EXERCISE DESCRIPTION => Go over these records and count the lines with the string "sketch" in them; the count is all that should be returned.

··· WORKING DATA ···

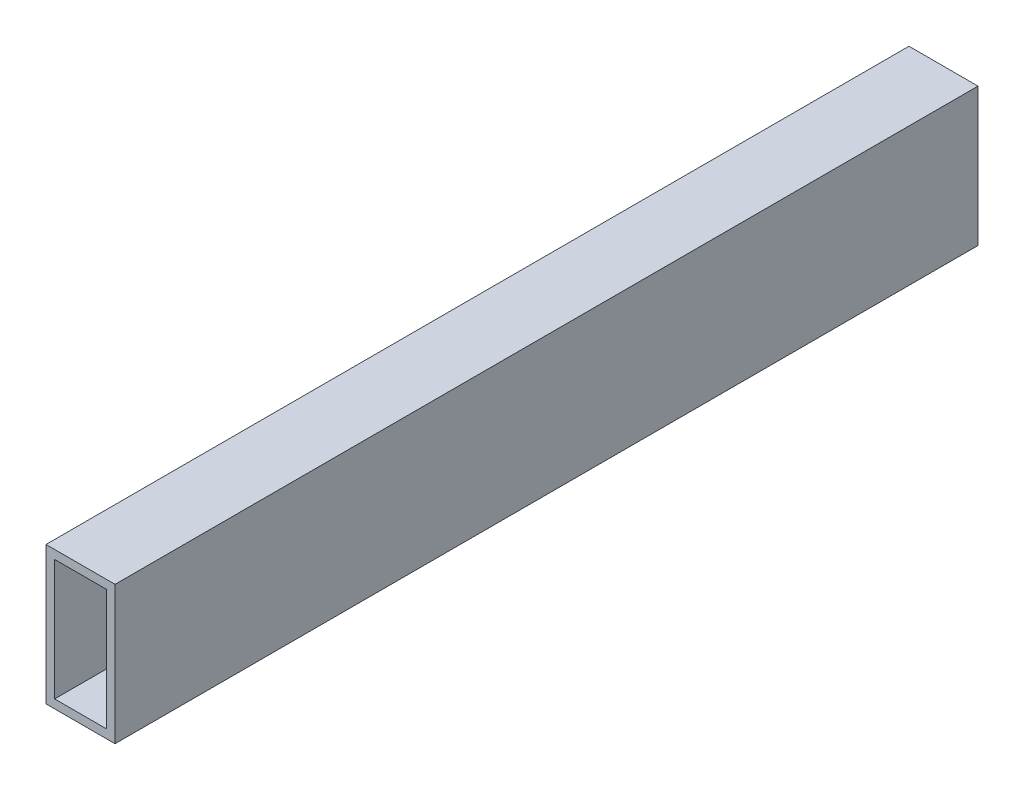
SolidWorks part; units mm, degrees
material "6061-T6 (SS)"
ref_plane "Front Plane" through (0, 0, 0) normal (0, 0, 1) x (1, 0, 0)
ref_plane "Top Plane" through (0, 0, 0) normal (0, 1, 0) x (1, 0, 0)
ref_plane "Right Plane" through (0, 0, 0) normal (1, 0, 0) x (0, 0, -1)
sketch "Sketch1" plane through (0, 0, 0) normal (0, 0, 1) x (1, 0, 0)
  line L1 (-12.7, -25.4) -> (12.7, -25.4)
  line L2 (-12.7, -25.4) -> (-12.7, 25.4)
  line L3 (-12.7, 25.4) -> (12.7, 25.4)
  line L4 (12.7, -25.4) -> (12.7, 25.4)
  line L5 (0, 25.4) -> (0, -25.4) construction
  line L6 (-12.7, 0) -> (12.7, 0) construction
  line L7 (-9.525, -22.225) -> (9.525, -22.225)
  line L8 (-9.525, -22.225) -> (-9.525, 22.225)
  line L9 (-9.525, 22.225) -> (9.525, 22.225)
  line L10 (9.525, -22.225) -> (9.525, 22.225)
  line L11 (0, 22.225) -> (0, -22.225) construction
  line L12 (-9.525, 0) -> (9.525, 0) construction
  point P0 (0, 0)
  point P4 (0, 0)
  dimension "D1" = 25.4
  dimension "D2" = 50.8
  dimension "D3" = 3.175
  dimension "D4" = 3.175
extrude "Boss-Extrude1" add sketch "Sketch1" along normal mid plane 317.5

···

YOUR RESPONSE => 2